### Exercise instructions
Starting with the line that contains "import ezdxf" and stopping after the line that contains "(-121.3505813118318, 56.02481662906575, 0.1884721506643295)])", return each line below exactly as written, with no others.

### Listed entries
= Beginning of Section =

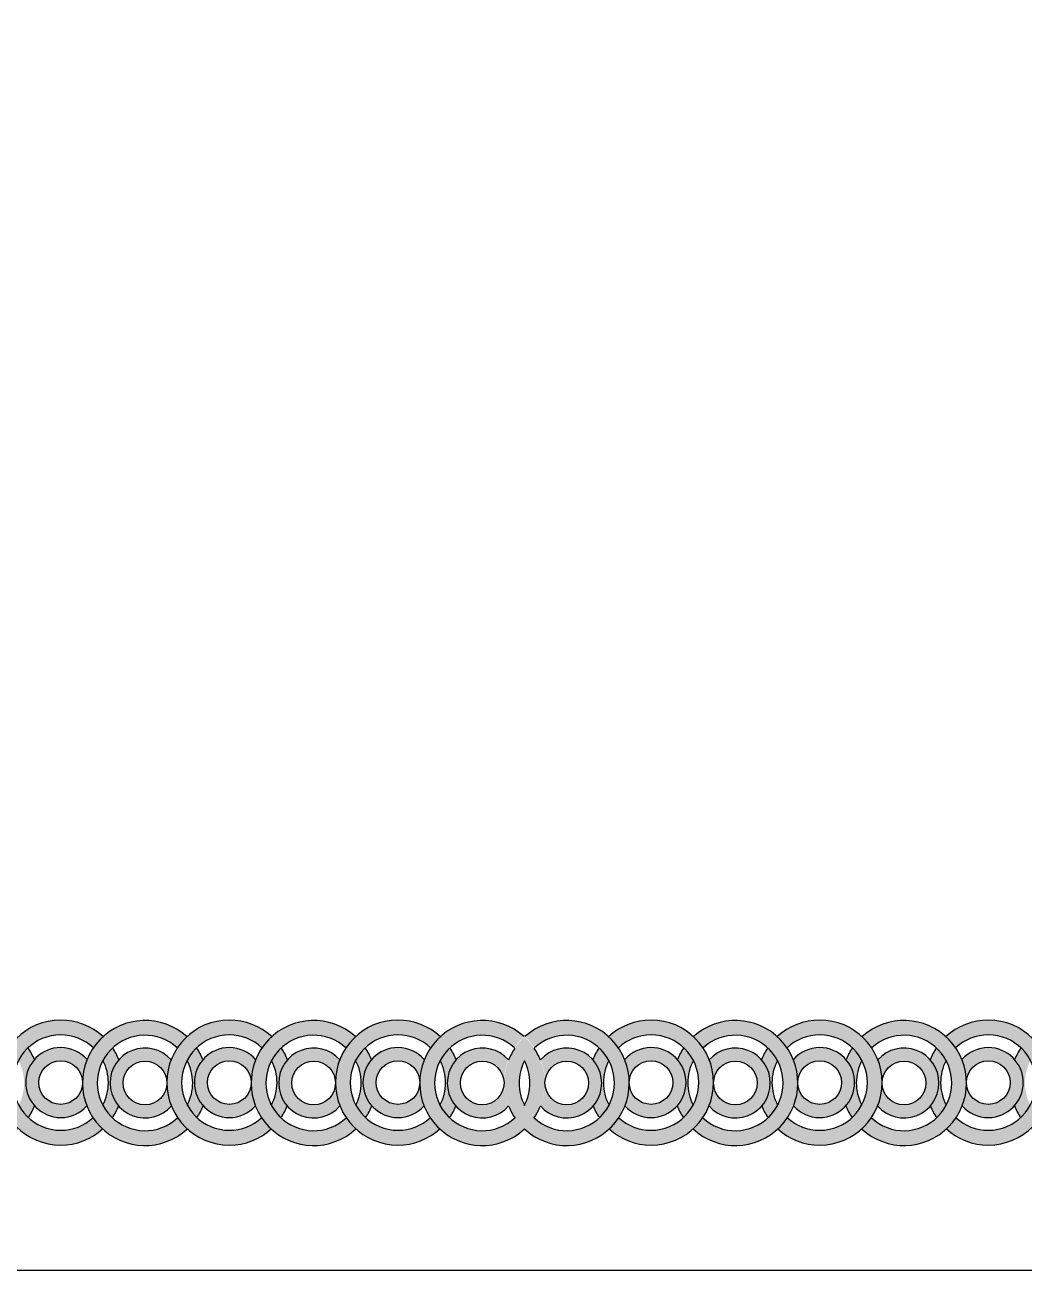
# Model space of a CAD drawing. Header units: millimetres. Extents: x -2167 to 6463, y 877 to 4714.
# Drawn here: x 672.7 to 912.5, y 1329.5 to 1628.3 of the extents above; entities that cross this region are included whole.
import ezdxf

# ---------------------------------------------------------------- set-up
doc = ezdxf.new("R2010")
doc.units = ezdxf.units.MM
doc.layers.add('deco', color=4, linetype='Continuous')

# ---------------------------------------------------------------- blocks, each defined once
blk = doc.blocks.new('010 d 1')
at = {"layer": 'deco'}
h = blk.add_hatch(color=8, dxfattribs=at)
h.paths.add_polyline_path([(-131.5217866629973, 60, 1), (-131.5217866629973, 30, 0.1859482089239019), (-121.4585985190861, 33.87650035374099, -0.05945146505582068), (-123.7671509549255, 36.57931929126789, -0.1882384196149307), (-131.5217866629973, 33.55263180625116, -1), (-131.5217866629973, 56.44736819374884, -0.1907644661140298), (-123.6853865689627, 53.34464331949493, -0.05945146505583004), (-121.3505813118318, 56.02481662906575, 0.1884721506643295)])
h.paths.add_polyline_path([(-137.8449185627614, 50.51173593569183, 0.05368345078366103), (-139.3581867570247, 53.34464331949493, 0.08390256066451372), (-141.6651021848593, 50.30616516772352, -0.2483491088324228), (-141.6128646361976, 39.59515181507959, 0.08390256066450899), (-139.2764223710692, 36.57931929127153, 0.05368345078366642), (-137.7908576493064, 39.42685196543971, -0.3774435382078956)], flags=17)
h.paths.add_polyline_path([(-141.5849748069013, 33.87650035374099, -0.05945146505583442), (-143.9197800640322, 36.55667366331181, -2.295541670009481), (-144.001544449995, 53.32199769153522, -0.05945146505584114), (-141.6929920141556, 56.02481662906575, 2.268074742156999)])
h.paths.add_polyline_path([(-145.4330482583027, 39.38958104711492, -0.09490123409786126), (-146.5216082781481, 44.92684595885294, -1.002441455658438), (-156.9908142899512, 44.90131698280675, -0.9975644905304957), (-146.5216082781481, 44.92684595885294, -0.0949012340978676), (-145.4871091717578, 50.47446501736704, 2.649402887509948)], flags=17)
h.paths.add_polyline_path([(-158.0252511443759, 50.47446501737068, 0.05368345078363309), (-159.5108158661387, 53.32199769153522, 0.08390256066447437), (-161.8472581312744, 50.30616516772716, -0.2483491088324942), (-161.8994956799288, 39.59515181508323, 0.08390256066451782), (-159.5925802520942, 36.55667366331181, 0.05368345078366085), (-158.0793120578237, 39.38958104711492, -0.3774435382079481)], flags=17)
for points in [[(-101.1161878167695, 33.87650035374099, -2.268074742157065), (-101.2242050240166, 56.02481662906575, 0.05945146505583717), (-103.5327574598487, 53.32199769153158, 2.295541670009696), (-103.4509930738932, 36.55667366331181, 0.05945146505580769)], [(-80.88179432169272, 56.02481662906575, 0.05945146505580148), (-83.21659957882366, 53.3446433194913, 0.1907644661140623), (-91.05299967285828, 56.44736819374884, 1), (-91.05299967285828, 33.55263180625116, 0.1882384196150493), (-83.2983639647864, 36.57931929127153, 0.05945146505583921), (-80.98981152894703, 33.87650035374099, -0.1859482089239169), (-91.05299967285828, 30, -0.9442006352803286), (-92.77077503009059, 59.90131698280675), (-89.33522431561869, 59.90131698280675, -0.1589121436864572)], [(-60.7554180338775, 56.02481662906575, 0.05945146505583607), (-63.0639704697096, 53.32199769153158, 2.295541670009696), (-62.98220608375414, 36.55667366331181, 0.05945146505580769), (-60.6474008266232, 33.87650035374099, -2.268074742157078)], [(20.34241070233111, 56.02481662906575, -0.05945146505583607), (22.65096313816321, 53.32199769153158, -2.295541670009696), (22.56919875220774, 36.55667366331181, -0.05945146505580769), (20.2343934950768, 33.87650035374099, 2.268074742157078)], [(40.46878699014633, 56.02481662906575, -0.05945146505580148), (42.80359224727727, 53.3446433194913, -0.1907644661140623), (50.63999234131188, 56.44736819374884, -1), (50.63999234131188, 33.55263180625116, -0.1882384196150493), (42.88535663324001, 36.57931929127153, -0.05945146505583921), (40.57680419740063, 33.87650035374099, 0.1859482089239169), (50.63999234131188, 30, 0.9442006352803286), (52.35776769854419, 59.90131698280675), (48.92221698407229, 59.90131698280675, 0.1589121436864572)], [(60.70318048522313, 33.87650035374099, 2.268074742157065), (60.81119769247016, 56.02481662906575, -0.05945146505583717), (63.11975012830226, 53.32199769153158, -2.295541670009696), (63.03798574234679, 36.55667366331181, -0.05945146505580769)], [(-117.6105250676846, 39.38958104711492, -0.05368345078367088), (-119.1237932619551, 36.55667366331181, -0.08390256066446405), (-121.430708689797, 39.59515181507595, 0.2483491088325868), (-121.3784711411281, 50.30616516772352, -0.08390256066451794), (-119.0420288759997, 53.32199769153522, -0.0536834507836749), (-117.5564641542369, 50.47446501736704, 0.3774435382078678)], [(-97.32207065916737, 39.42685196543971, -0.05368345078367235), (-98.80763538093015, 36.57931929127153, -0.08390256066451458), (-101.1440776460586, 39.59515181507959, 0.2483491088324094), (-101.1963151947202, 50.30616516772352, -0.08390256066451454), (-98.88939976688562, 53.34464331949493, -0.05368345078365555), (-97.37613157261512, 50.51173593569183, 0.3774435382078785)], [(-78.57324188586063, 53.32199769153522, -0.05368345078365667), (-77.08767716409784, 50.47446501736704, 0.3774435382074762), (-77.1417380775456, 39.38958104712583, -0.0536834507838272), (-78.65500627181609, 36.55667366331181, -0.08390256066464098), (-80.96192169964343, 39.59515181509414, 0.2483491088320799), (-80.90968415098905, 50.30616516772352, -0.08390256066454108)], [(-38.10445489572157, 53.32199769153158, 0.08390256066440431), (-40.44089716085728, 50.3061651677308, -0.248349108832613), (-40.49313470951165, 39.59515181508323, 0.08390256066451665), (-38.18621928167704, 36.55667366331545, 0.0536834507836602), (-36.67295108740655, 39.38958104711492, -0.3774435382087715), (-36.61889017396607, 50.47446501738887, 0.05368345078327474)], [(-2.308552435824822, 53.32199769153158, -0.08390256066440431), (0.02788982931087958, 50.3061651677308, 0.248349108832613), (0.08012737796525471, 39.59515181508323, -0.08390256066451665), (-2.226788049869356, 36.55667366331545, -0.0536834507836602), (-3.740056244139851, 39.38958104711492, 0.3774435382087715), (-3.794117157580331, 50.47446501738887, -0.05368345078327474)], [(38.16023455431423, 53.32199769153522, 0.05368345078365667), (36.67466983255144, 50.47446501736704, -0.3774435382074762), (36.7287307459992, 39.38958104712583, 0.0536834507838272), (38.2419989402697, 36.55667366331181, 0.08390256066464098), (40.54891436809703, 39.59515181509414, -0.2483491088320799), (40.49667681944265, 50.30616516772352, 0.08390256066454108)], [(56.90906332762097, 39.42685196543971, 0.05368345078367235), (58.39462804938375, 36.57931929127153, 0.08390256066451458), (60.73107031451218, 39.59515181507959, -0.2483491088324094), (60.78330786317383, 50.30616516772352, 0.08390256066451454), (58.47639243533922, 53.34464331949493, 0.05368345078365555), (56.96312424106873, 50.51173593569183, -0.3774435382078785)], [(77.19751773613825, 39.38958104711492, 0.05368345078367088), (78.71078593040875, 36.55667366331181, 0.08390256066446405), (81.01770135825063, 39.59515181507595, -0.2483491088325868), (80.9654638095817, 50.30616516772352, 0.08390256066451794), (78.62902154445328, 53.32199769153522, 0.0536834507836749), (77.1434568226905, 50.47446501736704, -0.3774435382078678)]]:
    blk.add_hatch(color=8, dxfattribs=at).paths.add_polyline_path(points)
h = blk.add_hatch(color=8, dxfattribs=at)
h.paths.add_polyline_path([(-40.52102453880798, 33.87650035374099, -0.05945146505582538), (-42.82957697464735, 36.57931929127153, -0.1882384196149885), (-50.58421268271923, 33.55263180625116, -1), (-50.58421268271923, 56.44736819374884, -0.1907644661140302), (-42.74781258868461, 53.34464331949493, -0.05945146505582989), (-40.41300733155367, 56.02481662906575, 0.1884721506643297), (-50.58421268271923, 60, 1), (-50.58421268271923, 30, 0.1859482089239045)])
h.paths.add_polyline_path([(-56.90734458247607, 50.51173593569183, 0.05368345078366097), (-58.42061277674657, 53.34464331949493, 0.08390256066451383), (-60.72752820458118, 50.30616516772352, -0.2483491088324228), (-60.67529065591953, 39.59515181507959, 0.08390256066450881), (-58.3388483907911, 36.57931929127153, 0.05368345078366657), (-56.85328366902831, 39.42685196543971, -0.3774435382078955)], flags=17)
h.paths.add_polyline_path([(-55.8188468146036, 45, -1.00244145564951), (-45.34964080279315, 44.97447102395381, -0.0949012340978447), (-44.2610807829551, 50.51173593569183, 0.2167651491654401), (-50.58421268271923, 53.38816011092786, 1), (-50.58421268271923, 36.61183988907214, 0.2142134381101736), (-44.31514169640286, 39.42685196543971, -0.09490123409786454), (-45.34964080279315, 44.97447102395381, -0.9975644905407856)], flags=17)
h = blk.add_hatch(color=8, dxfattribs=at)
h.paths.add_polyline_path([(-20.28663104373845, 56.02481662906575, 0.05945146505583607), (-22.59518347957055, 53.32199769153158, 2.295541670009696), (-22.51341909361508, 36.55667366331181, 0.05945146505580769), (-20.17861383648415, 33.87650035374099, -2.268074742157078)])
edge = h.paths.add_edge_path()
edge.add_arc((-30.3498191876497, 44.90131698280675), 5.234634131884624, 0, 360)
edge = h.paths.add_edge_path()
edge.add_arc((-10.1154256925729, 44.99999999999636), 15.00000000000064, 158.5946121954719, 180.2794289618236)
edge.add_arc((-10.1154256925729, 44.99999999999636), 15.00000000000064, 180.2794289618236, 201.964245728173)
edge.add_arc((-30.3498191876497, 44.90131698280675), 8.388160110928315, 41.63680918466872, 318.9220487389844, ccw=False)
edge = h.paths.add_edge_path()
edge.add_line((-20.2065036657732, 50.20748215051572), (-20.2065036657732, 50.40484818493132))
edge.add_arc((-10.1154256925729, 45), 11.44736819375459, 151.8262032120234, 152.3850611357606)
edge.add_arc((-30.3498191876497, 44.90131698280311), 11.44736819375278, 27.614938864172473, 28.17379678790968, ccw=False)
h = blk.add_hatch(color=8, dxfattribs=at)
h.paths.add_polyline_path([(-20.12637628780794, 56.02481662906575, -0.05945146505583607), (-17.81782385197585, 53.32199769153158, -2.295541670009696), (-17.89958823793131, 36.55667366331181, -0.05945146505580769), (-20.23439349506225, 33.87650035374099, 2.268074742157078)])
edge = h.paths.add_edge_path()
edge.add_arc((-10.0631881438967, 44.90131698280675), 5.234634131884624, 180, 540, ccw=False)
edge = h.paths.add_edge_path()
edge.add_arc((-30.2975816389735, 44.99999999999636), 15.00000000000064, 359.72057103817644, 381.4053878045282, ccw=False)
edge.add_arc((-30.2975816389735, 44.99999999999636), 15.00000000000064, 338.03575427182705, 359.72057103817644, ccw=False)
edge.add_arc((-10.0631881438967, 44.90131698280675), 8.388160110928315, 221.0779512610156, 498.3631908153313)
edge = h.paths.add_edge_path()
edge.add_line((-20.2065036657732, 50.20748215051572), (-20.2065036657732, 50.40484818493132))
edge.add_arc((-30.2975816389735, 45), 11.44736819375459, 387.6149388642394, 388.17379678797664, ccw=False)
edge.add_arc((-10.0631881438967, 44.90131698280311), 11.44736819375278, 511.8262032120902, 512.3850611358274)
h = blk.add_hatch(color=8, dxfattribs=at)
h.paths.add_polyline_path([(0.1080172072615824, 33.87650035374099, 0.05945146505582538), (2.416569643100956, 36.57931929127153, 0.1882384196149885), (10.17120535117283, 33.55263180625116, 1), (10.17120535117283, 56.44736819374884, 0.1907644661140302), (2.334805257138214, 53.34464331949493, 0.05945146505582989), (7.275957614183426e-12, 56.02481662906575, -0.1884721506643297), (10.17120535117283, 60, -1), (10.17120535117283, 30, -0.1859482089239045)])
h.paths.add_polyline_path([(16.49433725092968, 50.51173593569183, -0.05368345078366097), (18.00760544520017, 53.34464331949493, -0.08390256066451383), (20.31452087303478, 50.30616516772352, 0.2483491088324228), (20.26228332437313, 39.59515181507959, -0.08390256066450881), (17.9258410592447, 36.57931929127153, -0.05368345078366657), (16.44027633748192, 39.42685196543971, 0.3774435382078955)], flags=17)
h.paths.add_polyline_path([(15.40583948305721, 45, 1.00244145564951), (4.936633471246751, 44.97447102395381, 0.0949012340978447), (3.848073451408709, 50.51173593569183, -0.2167651491654401), (10.17120535117283, 53.38816011092786, -1), (10.17120535117283, 36.61183988907214, -0.2142134381101736), (3.902134364856465, 39.42685196543971, 0.09490123409786454), (4.936633471246751, 44.97447102395381, 0.9975644905407856)], flags=17)
h = blk.add_hatch(color=8, dxfattribs=at)
h.paths.add_polyline_path([(91.10877933145093, 60, -1), (91.10877933145093, 30, -0.1859482089239019), (81.04559118753969, 33.87650035374099, 0.05945146505582068), (83.35414362337906, 36.57931929126789, 0.1882384196149307), (91.10877933145093, 33.55263180625116, 1), (91.10877933145093, 56.44736819374884, 0.1907644661140298), (83.27237923741632, 53.34464331949493, 0.05945146505583004), (80.93757398028538, 56.02481662906575, -0.1884721506643295)])
h.paths.add_polyline_path([(97.43191123121505, 50.51173593569183, -0.05368345078366103), (98.94517942547827, 53.34464331949493, -0.08390256066451372), (101.2520948533129, 50.30616516772352, 0.2483491088324228), (101.1998573046512, 39.59515181507959, -0.08390256066450899), (98.8634150395228, 36.57931929127153, -0.05368345078366642), (97.37785031776002, 39.42685196543971, 0.3774435382078956)], flags=17)
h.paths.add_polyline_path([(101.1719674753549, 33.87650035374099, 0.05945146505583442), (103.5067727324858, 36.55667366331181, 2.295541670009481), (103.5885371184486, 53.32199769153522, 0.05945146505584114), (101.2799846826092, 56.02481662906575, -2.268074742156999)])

= End of Section =

### Solution to this exercise
import ezdxf

# ---------------------------------------------------------------- set-up
doc = ezdxf.new("R2010")
doc.units = ezdxf.units.MM
doc.layers.add('deco', color=4, linetype='Continuous')

# ---------------------------------------------------------------- blocks, each defined once
blk = doc.blocks.new('010 d 1')
at = {"layer": 'deco'}
h = blk.add_hatch(color=8, dxfattribs=at)
h.paths.add_polyline_path([(-131.5217866629973, 60, 1), (-131.5217866629973, 30, 0.1859482089239019), (-121.4585985190861, 33.87650035374099, -0.05945146505582068), (-123.7671509549255, 36.57931929126789, -0.1882384196149307), (-131.5217866629973, 33.55263180625116, -1), (-131.5217866629973, 56.44736819374884, -0.1907644661140298), (-123.6853865689627, 53.34464331949493, -0.05945146505583004), (-121.3505813118318, 56.02481662906575, 0.1884721506643295)])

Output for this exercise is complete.